[Stored items]
§

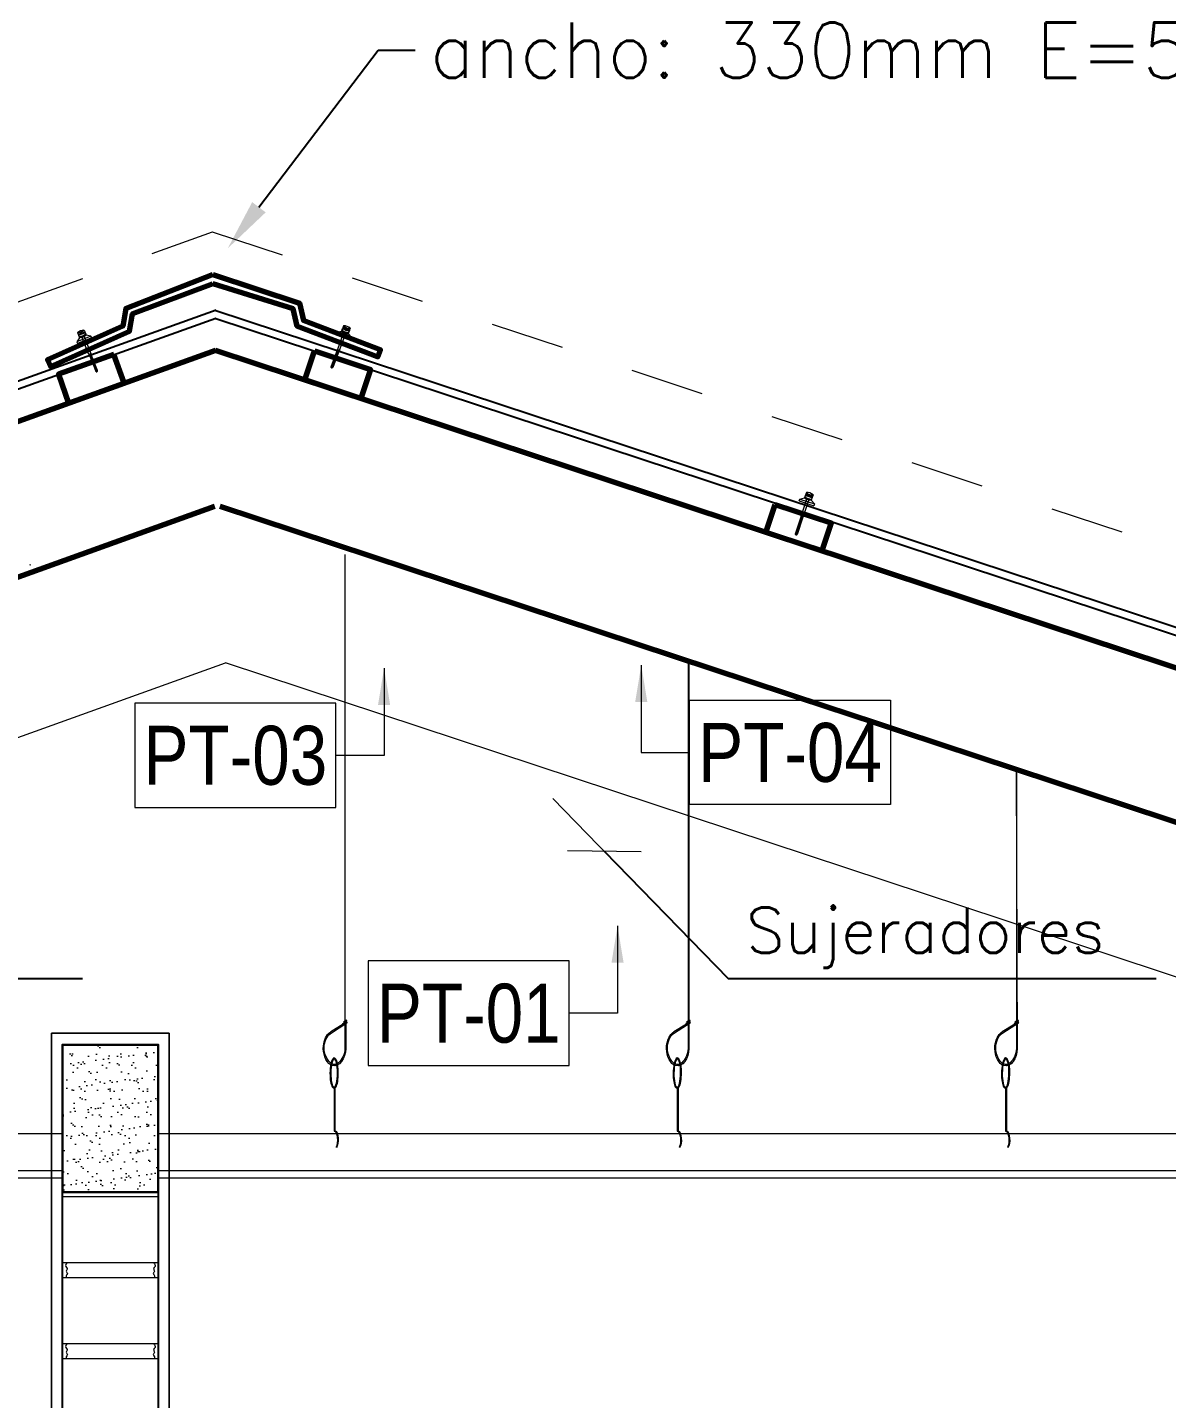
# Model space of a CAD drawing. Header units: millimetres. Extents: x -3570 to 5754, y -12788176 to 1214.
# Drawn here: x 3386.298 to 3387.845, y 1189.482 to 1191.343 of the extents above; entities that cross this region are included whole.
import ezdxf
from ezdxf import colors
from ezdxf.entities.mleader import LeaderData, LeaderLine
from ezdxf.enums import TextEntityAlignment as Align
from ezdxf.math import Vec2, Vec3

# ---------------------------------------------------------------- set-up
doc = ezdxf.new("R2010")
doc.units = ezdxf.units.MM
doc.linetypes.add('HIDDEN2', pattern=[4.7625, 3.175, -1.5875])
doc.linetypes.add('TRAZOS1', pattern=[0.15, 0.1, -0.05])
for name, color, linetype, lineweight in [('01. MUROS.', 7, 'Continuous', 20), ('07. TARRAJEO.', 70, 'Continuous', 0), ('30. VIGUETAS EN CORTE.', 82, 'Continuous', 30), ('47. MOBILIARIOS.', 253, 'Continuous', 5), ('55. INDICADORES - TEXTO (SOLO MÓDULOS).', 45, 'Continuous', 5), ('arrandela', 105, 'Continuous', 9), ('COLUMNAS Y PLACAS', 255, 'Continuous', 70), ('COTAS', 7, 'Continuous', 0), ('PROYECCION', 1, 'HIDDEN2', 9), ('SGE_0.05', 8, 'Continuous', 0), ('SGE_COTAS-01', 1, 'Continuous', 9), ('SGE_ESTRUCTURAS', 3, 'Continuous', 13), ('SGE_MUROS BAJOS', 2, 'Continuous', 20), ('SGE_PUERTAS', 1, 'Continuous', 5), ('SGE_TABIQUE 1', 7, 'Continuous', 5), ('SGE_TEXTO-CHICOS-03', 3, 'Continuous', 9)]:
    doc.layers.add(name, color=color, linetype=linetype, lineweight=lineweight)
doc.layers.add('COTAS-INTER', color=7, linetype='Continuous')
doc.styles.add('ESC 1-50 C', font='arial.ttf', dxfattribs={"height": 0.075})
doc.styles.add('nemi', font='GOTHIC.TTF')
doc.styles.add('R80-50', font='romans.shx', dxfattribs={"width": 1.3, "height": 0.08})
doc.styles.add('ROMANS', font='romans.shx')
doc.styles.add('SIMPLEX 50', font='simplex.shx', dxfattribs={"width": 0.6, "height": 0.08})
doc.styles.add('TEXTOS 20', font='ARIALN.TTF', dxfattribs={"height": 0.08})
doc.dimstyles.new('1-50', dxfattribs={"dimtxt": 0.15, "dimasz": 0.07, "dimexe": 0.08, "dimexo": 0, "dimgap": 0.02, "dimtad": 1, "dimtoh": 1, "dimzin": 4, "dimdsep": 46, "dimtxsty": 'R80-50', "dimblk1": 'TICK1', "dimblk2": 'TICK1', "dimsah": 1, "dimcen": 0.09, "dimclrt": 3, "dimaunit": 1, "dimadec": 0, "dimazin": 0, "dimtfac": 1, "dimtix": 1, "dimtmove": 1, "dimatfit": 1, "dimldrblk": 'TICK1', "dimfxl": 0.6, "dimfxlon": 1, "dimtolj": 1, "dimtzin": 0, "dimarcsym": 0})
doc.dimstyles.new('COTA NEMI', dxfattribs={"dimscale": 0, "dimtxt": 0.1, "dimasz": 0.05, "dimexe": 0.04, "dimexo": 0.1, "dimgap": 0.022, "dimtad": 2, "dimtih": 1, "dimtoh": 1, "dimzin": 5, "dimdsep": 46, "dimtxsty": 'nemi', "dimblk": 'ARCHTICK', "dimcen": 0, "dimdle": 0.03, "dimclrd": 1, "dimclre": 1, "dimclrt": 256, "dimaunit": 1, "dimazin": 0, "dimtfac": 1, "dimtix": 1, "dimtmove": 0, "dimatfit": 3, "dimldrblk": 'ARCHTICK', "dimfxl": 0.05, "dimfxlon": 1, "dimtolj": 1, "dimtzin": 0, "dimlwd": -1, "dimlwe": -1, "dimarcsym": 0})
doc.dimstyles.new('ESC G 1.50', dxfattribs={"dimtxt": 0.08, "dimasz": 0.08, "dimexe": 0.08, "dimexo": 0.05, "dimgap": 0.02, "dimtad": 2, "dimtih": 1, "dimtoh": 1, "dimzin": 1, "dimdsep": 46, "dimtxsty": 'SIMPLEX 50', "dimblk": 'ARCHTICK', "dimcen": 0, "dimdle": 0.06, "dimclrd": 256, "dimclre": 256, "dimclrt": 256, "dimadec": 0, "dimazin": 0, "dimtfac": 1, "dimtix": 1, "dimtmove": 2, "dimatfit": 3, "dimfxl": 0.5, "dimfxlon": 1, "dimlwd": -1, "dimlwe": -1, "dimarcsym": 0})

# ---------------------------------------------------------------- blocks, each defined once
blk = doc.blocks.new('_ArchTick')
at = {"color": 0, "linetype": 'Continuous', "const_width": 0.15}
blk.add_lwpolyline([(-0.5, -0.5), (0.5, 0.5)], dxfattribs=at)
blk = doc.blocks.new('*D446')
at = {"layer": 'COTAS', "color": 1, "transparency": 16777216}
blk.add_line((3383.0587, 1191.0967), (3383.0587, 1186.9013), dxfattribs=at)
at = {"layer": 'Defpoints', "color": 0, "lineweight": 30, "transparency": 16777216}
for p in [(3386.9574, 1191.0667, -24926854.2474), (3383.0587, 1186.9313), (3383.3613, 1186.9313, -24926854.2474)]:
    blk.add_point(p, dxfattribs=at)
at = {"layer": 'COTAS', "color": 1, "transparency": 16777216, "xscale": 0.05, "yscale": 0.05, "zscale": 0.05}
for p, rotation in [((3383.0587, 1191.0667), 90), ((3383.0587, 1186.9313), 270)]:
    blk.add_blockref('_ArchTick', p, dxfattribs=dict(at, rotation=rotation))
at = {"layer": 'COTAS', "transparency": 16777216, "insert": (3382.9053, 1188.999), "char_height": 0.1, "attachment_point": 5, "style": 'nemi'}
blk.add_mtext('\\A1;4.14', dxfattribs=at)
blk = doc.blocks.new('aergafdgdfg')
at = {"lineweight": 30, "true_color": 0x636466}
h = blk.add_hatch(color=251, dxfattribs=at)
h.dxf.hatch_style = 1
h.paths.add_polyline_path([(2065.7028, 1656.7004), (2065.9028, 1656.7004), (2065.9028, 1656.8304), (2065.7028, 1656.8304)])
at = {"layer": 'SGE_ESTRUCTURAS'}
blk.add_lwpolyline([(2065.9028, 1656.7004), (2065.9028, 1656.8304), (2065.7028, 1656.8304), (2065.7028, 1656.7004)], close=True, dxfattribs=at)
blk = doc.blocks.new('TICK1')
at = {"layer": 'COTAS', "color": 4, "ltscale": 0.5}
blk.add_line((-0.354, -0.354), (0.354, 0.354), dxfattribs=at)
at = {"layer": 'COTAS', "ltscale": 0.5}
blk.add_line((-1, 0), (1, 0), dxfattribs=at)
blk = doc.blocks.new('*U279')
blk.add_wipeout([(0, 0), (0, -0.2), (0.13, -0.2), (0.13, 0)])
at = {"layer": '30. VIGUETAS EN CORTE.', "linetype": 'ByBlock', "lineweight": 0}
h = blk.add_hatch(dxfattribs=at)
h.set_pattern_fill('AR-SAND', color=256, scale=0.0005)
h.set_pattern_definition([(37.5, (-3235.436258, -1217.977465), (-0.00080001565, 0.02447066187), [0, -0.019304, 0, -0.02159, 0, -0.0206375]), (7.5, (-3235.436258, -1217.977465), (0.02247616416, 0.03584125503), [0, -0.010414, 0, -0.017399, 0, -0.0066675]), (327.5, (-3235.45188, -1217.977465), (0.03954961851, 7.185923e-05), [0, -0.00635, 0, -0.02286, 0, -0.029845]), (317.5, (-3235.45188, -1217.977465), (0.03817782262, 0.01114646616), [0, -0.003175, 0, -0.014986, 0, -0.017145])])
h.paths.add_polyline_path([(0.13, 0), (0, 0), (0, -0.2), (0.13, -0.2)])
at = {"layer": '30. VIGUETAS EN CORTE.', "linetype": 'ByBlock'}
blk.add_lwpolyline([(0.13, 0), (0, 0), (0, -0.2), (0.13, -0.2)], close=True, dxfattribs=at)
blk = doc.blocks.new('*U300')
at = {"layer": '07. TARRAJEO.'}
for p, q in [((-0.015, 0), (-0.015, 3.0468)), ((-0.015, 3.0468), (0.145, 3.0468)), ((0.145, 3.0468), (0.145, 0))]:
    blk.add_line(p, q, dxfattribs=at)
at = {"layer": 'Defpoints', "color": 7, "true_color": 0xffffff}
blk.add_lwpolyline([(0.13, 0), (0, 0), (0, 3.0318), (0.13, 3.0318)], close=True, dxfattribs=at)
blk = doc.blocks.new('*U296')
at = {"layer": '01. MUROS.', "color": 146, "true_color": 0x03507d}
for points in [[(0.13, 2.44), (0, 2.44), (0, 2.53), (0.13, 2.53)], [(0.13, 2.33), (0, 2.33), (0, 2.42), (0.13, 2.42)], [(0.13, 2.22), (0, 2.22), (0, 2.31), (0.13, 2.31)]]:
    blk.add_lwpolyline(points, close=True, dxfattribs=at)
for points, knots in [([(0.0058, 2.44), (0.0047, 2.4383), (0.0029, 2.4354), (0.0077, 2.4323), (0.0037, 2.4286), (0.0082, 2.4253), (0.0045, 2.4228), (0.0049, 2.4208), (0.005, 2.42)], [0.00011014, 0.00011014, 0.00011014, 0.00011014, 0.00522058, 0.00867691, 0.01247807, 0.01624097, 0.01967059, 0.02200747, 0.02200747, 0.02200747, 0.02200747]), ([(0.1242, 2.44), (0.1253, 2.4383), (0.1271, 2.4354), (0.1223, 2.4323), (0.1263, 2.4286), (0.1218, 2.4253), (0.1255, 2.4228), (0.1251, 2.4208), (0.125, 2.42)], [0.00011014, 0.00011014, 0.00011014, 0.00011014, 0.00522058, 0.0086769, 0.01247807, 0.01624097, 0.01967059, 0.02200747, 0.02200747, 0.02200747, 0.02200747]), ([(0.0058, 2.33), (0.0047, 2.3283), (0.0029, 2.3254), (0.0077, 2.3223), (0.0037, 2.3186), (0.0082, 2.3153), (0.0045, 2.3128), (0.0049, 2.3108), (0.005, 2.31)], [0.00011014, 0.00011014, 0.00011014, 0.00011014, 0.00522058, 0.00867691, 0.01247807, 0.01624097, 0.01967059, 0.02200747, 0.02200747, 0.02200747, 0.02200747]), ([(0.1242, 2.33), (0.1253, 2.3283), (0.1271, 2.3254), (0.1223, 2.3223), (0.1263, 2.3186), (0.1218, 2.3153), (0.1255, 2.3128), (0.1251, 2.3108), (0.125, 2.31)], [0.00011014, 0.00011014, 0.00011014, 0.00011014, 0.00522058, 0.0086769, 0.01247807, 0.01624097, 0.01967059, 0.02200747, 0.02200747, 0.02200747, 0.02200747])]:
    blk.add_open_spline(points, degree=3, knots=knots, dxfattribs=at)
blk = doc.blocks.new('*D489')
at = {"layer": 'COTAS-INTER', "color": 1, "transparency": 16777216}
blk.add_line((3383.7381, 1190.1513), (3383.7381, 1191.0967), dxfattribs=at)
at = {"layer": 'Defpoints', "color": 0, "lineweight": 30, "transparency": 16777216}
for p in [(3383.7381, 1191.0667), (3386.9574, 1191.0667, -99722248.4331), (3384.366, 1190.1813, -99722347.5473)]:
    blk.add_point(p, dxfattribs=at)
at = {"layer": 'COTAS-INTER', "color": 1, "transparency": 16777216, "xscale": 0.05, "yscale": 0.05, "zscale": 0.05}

§

Tell how many lines in the entries above include the word "dimtzin", and respond with the number alone.

2